Records from a data source:
☆ ☆ ☆ ☆
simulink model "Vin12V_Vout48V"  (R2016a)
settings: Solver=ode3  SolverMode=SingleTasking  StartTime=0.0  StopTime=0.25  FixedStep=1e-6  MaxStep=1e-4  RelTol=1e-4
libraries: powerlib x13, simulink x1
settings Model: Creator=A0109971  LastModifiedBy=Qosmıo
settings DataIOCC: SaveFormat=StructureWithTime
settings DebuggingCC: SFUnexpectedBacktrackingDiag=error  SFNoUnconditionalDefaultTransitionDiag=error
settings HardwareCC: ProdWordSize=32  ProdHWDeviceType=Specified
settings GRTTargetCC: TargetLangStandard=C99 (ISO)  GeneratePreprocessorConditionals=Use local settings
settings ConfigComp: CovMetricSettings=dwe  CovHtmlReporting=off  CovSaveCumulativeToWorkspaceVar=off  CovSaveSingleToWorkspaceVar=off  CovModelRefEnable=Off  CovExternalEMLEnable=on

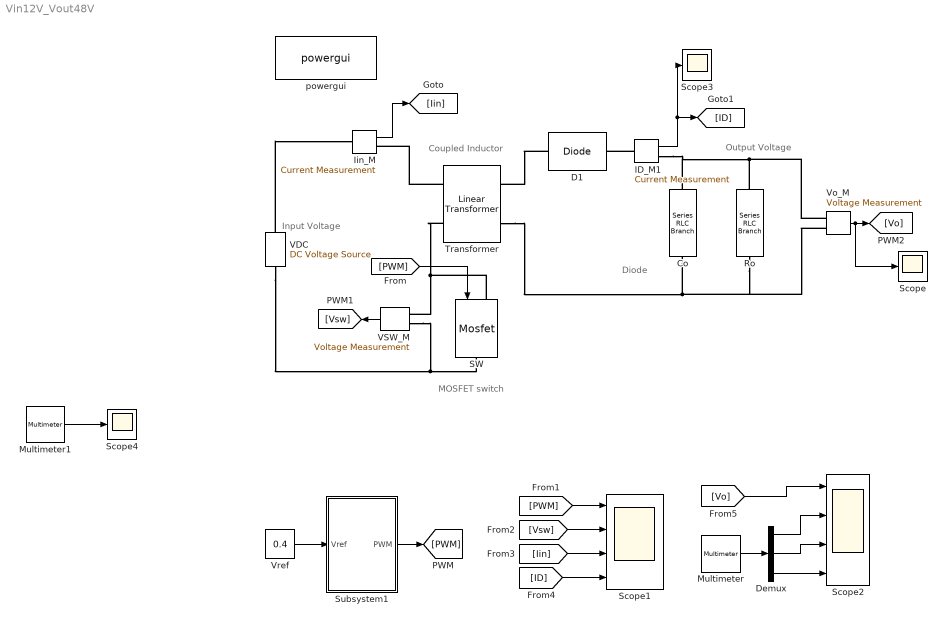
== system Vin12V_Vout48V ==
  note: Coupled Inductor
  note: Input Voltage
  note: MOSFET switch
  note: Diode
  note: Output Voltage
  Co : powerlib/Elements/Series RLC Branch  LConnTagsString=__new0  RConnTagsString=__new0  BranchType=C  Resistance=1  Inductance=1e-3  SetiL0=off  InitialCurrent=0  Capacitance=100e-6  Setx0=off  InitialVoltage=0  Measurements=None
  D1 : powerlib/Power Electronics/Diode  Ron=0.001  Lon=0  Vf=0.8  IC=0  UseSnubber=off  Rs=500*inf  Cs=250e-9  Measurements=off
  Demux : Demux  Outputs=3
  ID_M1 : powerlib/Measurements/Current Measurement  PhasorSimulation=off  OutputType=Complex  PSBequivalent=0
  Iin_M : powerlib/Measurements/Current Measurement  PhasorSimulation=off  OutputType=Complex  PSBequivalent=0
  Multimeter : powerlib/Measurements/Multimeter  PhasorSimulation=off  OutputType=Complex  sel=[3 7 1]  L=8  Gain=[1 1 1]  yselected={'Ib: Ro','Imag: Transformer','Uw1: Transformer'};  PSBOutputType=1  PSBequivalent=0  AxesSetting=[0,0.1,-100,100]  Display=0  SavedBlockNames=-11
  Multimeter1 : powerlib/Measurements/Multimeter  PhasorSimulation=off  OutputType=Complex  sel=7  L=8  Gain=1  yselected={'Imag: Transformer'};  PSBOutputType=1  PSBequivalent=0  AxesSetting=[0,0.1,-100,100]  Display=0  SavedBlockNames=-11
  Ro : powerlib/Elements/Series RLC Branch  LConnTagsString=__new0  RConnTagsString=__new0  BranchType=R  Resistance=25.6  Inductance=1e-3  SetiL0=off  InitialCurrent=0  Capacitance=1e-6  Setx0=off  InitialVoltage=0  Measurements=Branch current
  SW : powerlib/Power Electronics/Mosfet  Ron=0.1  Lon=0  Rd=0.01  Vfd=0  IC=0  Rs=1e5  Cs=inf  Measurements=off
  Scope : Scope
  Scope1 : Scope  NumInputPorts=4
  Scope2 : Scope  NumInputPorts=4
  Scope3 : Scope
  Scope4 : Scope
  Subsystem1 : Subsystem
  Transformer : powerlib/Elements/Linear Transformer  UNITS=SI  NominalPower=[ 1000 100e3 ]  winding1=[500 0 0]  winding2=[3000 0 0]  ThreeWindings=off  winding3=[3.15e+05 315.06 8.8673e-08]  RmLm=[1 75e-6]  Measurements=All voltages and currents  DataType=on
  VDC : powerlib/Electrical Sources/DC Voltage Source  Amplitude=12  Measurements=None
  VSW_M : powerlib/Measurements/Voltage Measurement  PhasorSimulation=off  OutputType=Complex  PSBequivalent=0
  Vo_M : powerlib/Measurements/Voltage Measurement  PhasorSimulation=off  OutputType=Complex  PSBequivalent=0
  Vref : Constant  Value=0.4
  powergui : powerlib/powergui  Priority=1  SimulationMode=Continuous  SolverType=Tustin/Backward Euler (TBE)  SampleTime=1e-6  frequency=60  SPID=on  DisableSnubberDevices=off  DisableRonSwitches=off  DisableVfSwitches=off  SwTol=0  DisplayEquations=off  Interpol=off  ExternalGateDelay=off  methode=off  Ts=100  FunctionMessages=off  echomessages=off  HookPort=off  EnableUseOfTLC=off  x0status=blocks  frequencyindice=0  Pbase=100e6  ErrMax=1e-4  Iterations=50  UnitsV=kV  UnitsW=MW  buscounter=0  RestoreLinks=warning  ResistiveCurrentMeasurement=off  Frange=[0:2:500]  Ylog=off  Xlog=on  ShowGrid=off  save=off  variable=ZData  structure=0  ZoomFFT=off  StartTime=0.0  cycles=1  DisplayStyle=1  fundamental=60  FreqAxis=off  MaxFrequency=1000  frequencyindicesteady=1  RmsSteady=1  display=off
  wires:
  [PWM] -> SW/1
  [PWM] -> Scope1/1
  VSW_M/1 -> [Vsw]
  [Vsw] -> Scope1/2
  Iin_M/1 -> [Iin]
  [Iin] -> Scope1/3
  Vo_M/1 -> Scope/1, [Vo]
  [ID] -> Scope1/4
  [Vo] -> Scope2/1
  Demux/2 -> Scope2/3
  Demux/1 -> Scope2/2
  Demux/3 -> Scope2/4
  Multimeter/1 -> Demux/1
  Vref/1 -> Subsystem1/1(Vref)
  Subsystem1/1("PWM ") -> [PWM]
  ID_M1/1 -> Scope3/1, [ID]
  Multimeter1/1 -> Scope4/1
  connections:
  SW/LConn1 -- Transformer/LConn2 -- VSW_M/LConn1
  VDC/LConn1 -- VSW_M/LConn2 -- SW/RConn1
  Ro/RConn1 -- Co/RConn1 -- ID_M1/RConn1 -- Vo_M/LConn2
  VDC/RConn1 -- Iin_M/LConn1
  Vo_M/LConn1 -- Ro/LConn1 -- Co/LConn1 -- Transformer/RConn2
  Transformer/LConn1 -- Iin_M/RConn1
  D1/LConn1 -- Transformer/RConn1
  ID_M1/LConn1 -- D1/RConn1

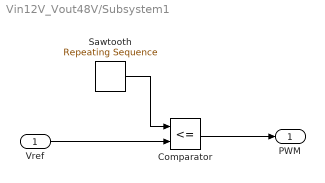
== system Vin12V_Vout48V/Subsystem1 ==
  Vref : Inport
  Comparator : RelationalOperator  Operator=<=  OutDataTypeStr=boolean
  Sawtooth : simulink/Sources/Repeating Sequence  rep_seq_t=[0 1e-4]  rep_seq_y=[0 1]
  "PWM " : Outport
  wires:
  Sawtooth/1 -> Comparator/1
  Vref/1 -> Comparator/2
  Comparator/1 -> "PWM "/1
☆ ☆ ☆ ☆
PROBLEM DESCRIPTION: Every entry above should be duplicated exactly. Do not include the images.

COMPLETED EXERCISE:
simulink model "Vin12V_Vout48V"  (R2016a)
settings: Solver=ode3  SolverMode=SingleTasking  StartTime=0.0  StopTime=0.25  FixedStep=1e-6  MaxStep=1e-4  RelTol=1e-4
libraries: powerlib x13, simulink x1
settings Model: Creator=A0109971  LastModifiedBy=Qosmıo
settings DataIOCC: SaveFormat=StructureWithTime
settings DebuggingCC: SFUnexpectedBacktrackingDiag=error  SFNoUnconditionalDefaultTransitionDiag=error
settings HardwareCC: ProdWordSize=32  ProdHWDeviceType=Specified
settings GRTTargetCC: TargetLangStandard=C99 (ISO)  GeneratePreprocessorConditionals=Use local settings
settings ConfigComp: CovMetricSettings=dwe  CovHtmlReporting=off  CovSaveCumulativeToWorkspaceVar=off  CovSaveSingleToWorkspaceVar=off  CovModelRefEnable=Off  CovExternalEMLEnable=on

== system Vin12V_Vout48V ==
  note: Coupled Inductor
  note: Input Voltage
  note: MOSFET switch
  note: Diode
  note: Output Voltage
  Co : powerlib/Elements/Series RLC Branch  LConnTagsString=__new0  RConnTagsString=__new0  BranchType=C  Resistance=1  Inductance=1e-3  SetiL0=off  InitialCurrent=0  Capacitance=100e-6  Setx0=off  InitialVoltage=0  Measurements=None
  D1 : powerlib/Power Electronics/Diode  Ron=0.001  Lon=0  Vf=0.8  IC=0  UseSnubber=off  Rs=500*inf  Cs=250e-9  Measurements=off
  Demux : Demux  Outputs=3
  ID_M1 : powerlib/Measurements/Current Measurement  PhasorSimulation=off  OutputType=Complex  PSBequivalent=0
  Iin_M : powerlib/Measurements/Current Measurement  PhasorSimulation=off  OutputType=Complex  PSBequivalent=0
  Multimeter : powerlib/Measurements/Multimeter  PhasorSimulation=off  OutputType=Complex  sel=[3 7 1]  L=8  Gain=[1 1 1]  yselected={'Ib: Ro','Imag: Transformer','Uw1: Transformer'};  PSBOutputType=1  PSBequivalent=0  AxesSetting=[0,0.1,-100,100]  Display=0  SavedBlockNames=-11
  Multimeter1 : powerlib/Measurements/Multimeter  PhasorSimulation=off  OutputType=Complex  sel=7  L=8  Gain=1  yselected={'Imag: Transformer'};  PSBOutputType=1  PSBequivalent=0  AxesSetting=[0,0.1,-100,100]  Display=0  SavedBlockNames=-11
  Ro : powerlib/Elements/Series RLC Branch  LConnTagsString=__new0  RConnTagsString=__new0  BranchType=R  Resistance=25.6  Inductance=1e-3  SetiL0=off  InitialCurrent=0  Capacitance=1e-6  Setx0=off  InitialVoltage=0  Measurements=Branch current
  SW : powerlib/Power Electronics/Mosfet  Ron=0.1  Lon=0  Rd=0.01  Vfd=0  IC=0  Rs=1e5  Cs=inf  Measurements=off
  Scope : Scope
  Scope1 : Scope  NumInputPorts=4
  Scope2 : Scope  NumInputPorts=4
  Scope3 : Scope
  Scope4 : Scope
  Subsystem1 : Subsystem
  Transformer : powerlib/Elements/Linear Transformer  UNITS=SI  NominalPower=[ 1000 100e3 ]  winding1=[500 0 0]  winding2=[3000 0 0]  ThreeWindings=off  winding3=[3.15e+05 315.06 8.8673e-08]  RmLm=[1 75e-6]  Measurements=All voltages and currents  DataType=on
  VDC : powerlib/Electrical Sources/DC Voltage Source  Amplitude=12  Measurements=None
  VSW_M : powerlib/Measurements/Voltage Measurement  PhasorSimulation=off  OutputType=Complex  PSBequivalent=0
  Vo_M : powerlib/Measurements/Voltage Measurement  PhasorSimulation=off  OutputType=Complex  PSBequivalent=0
  Vref : Constant  Value=0.4
  powergui : powerlib/powergui  Priority=1  SimulationMode=Continuous  SolverType=Tustin/Backward Euler (TBE)  SampleTime=1e-6  frequency=60  SPID=on  DisableSnubberDevices=off  DisableRonSwitches=off  DisableVfSwitches=off  SwTol=0  DisplayEquations=off  Interpol=off  ExternalGateDelay=off  methode=off  Ts=100  FunctionMessages=off  echomessages=off  HookPort=off  EnableUseOfTLC=off  x0status=blocks  frequencyindice=0  Pbase=100e6  ErrMax=1e-4  Iterations=50  UnitsV=kV  UnitsW=MW  buscounter=0  RestoreLinks=warning  ResistiveCurrentMeasurement=off  Frange=[0:2:500]  Ylog=off  Xlog=on  ShowGrid=off  save=off  variable=ZData  structure=0  ZoomFFT=off  StartTime=0.0  cycles=1  DisplayStyle=1  fundamental=60  FreqAxis=off  MaxFrequency=1000  frequencyindicesteady=1  RmsSteady=1  display=off
  wires:
  [PWM] -> SW/1
  [PWM] -> Scope1/1
  VSW_M/1 -> [Vsw]
  [Vsw] -> Scope1/2
  Iin_M/1 -> [Iin]
  [Iin] -> Scope1/3
  Vo_M/1 -> Scope/1, [Vo]
  [ID] -> Scope1/4
  [Vo] -> Scope2/1
  Demux/2 -> Scope2/3
  Demux/1 -> Scope2/2
  Demux/3 -> Scope2/4
  Multimeter/1 -> Demux/1
  Vref/1 -> Subsystem1/1(Vref)
  Subsystem1/1("PWM ") -> [PWM]
  ID_M1/1 -> Scope3/1, [ID]
  Multimeter1/1 -> Scope4/1
  connections:
  SW/LConn1 -- Transformer/LConn2 -- VSW_M/LConn1
  VDC/LConn1 -- VSW_M/LConn2 -- SW/RConn1
  Ro/RConn1 -- Co/RConn1 -- ID_M1/RConn1 -- Vo_M/LConn2
  VDC/RConn1 -- Iin_M/LConn1
  Vo_M/LConn1 -- Ro/LConn1 -- Co/LConn1 -- Transformer/RConn2
  Transformer/LConn1 -- Iin_M/RConn1
  D1/LConn1 -- Transformer/RConn1
  ID_M1/LConn1 -- D1/RConn1

== system Vin12V_Vout48V/Subsystem1 ==
  Vref : Inport
  Comparator : RelationalOperator  Operator=<=  OutDataTypeStr=boolean
  Sawtooth : simulink/Sources/Repeating Sequence  rep_seq_t=[0 1e-4]  rep_seq_y=[0 1]
  "PWM " : Outport
  wires:
  Sawtooth/1 -> Comparator/1
  Vref/1 -> Comparator/2
  Comparator/1 -> "PWM "/1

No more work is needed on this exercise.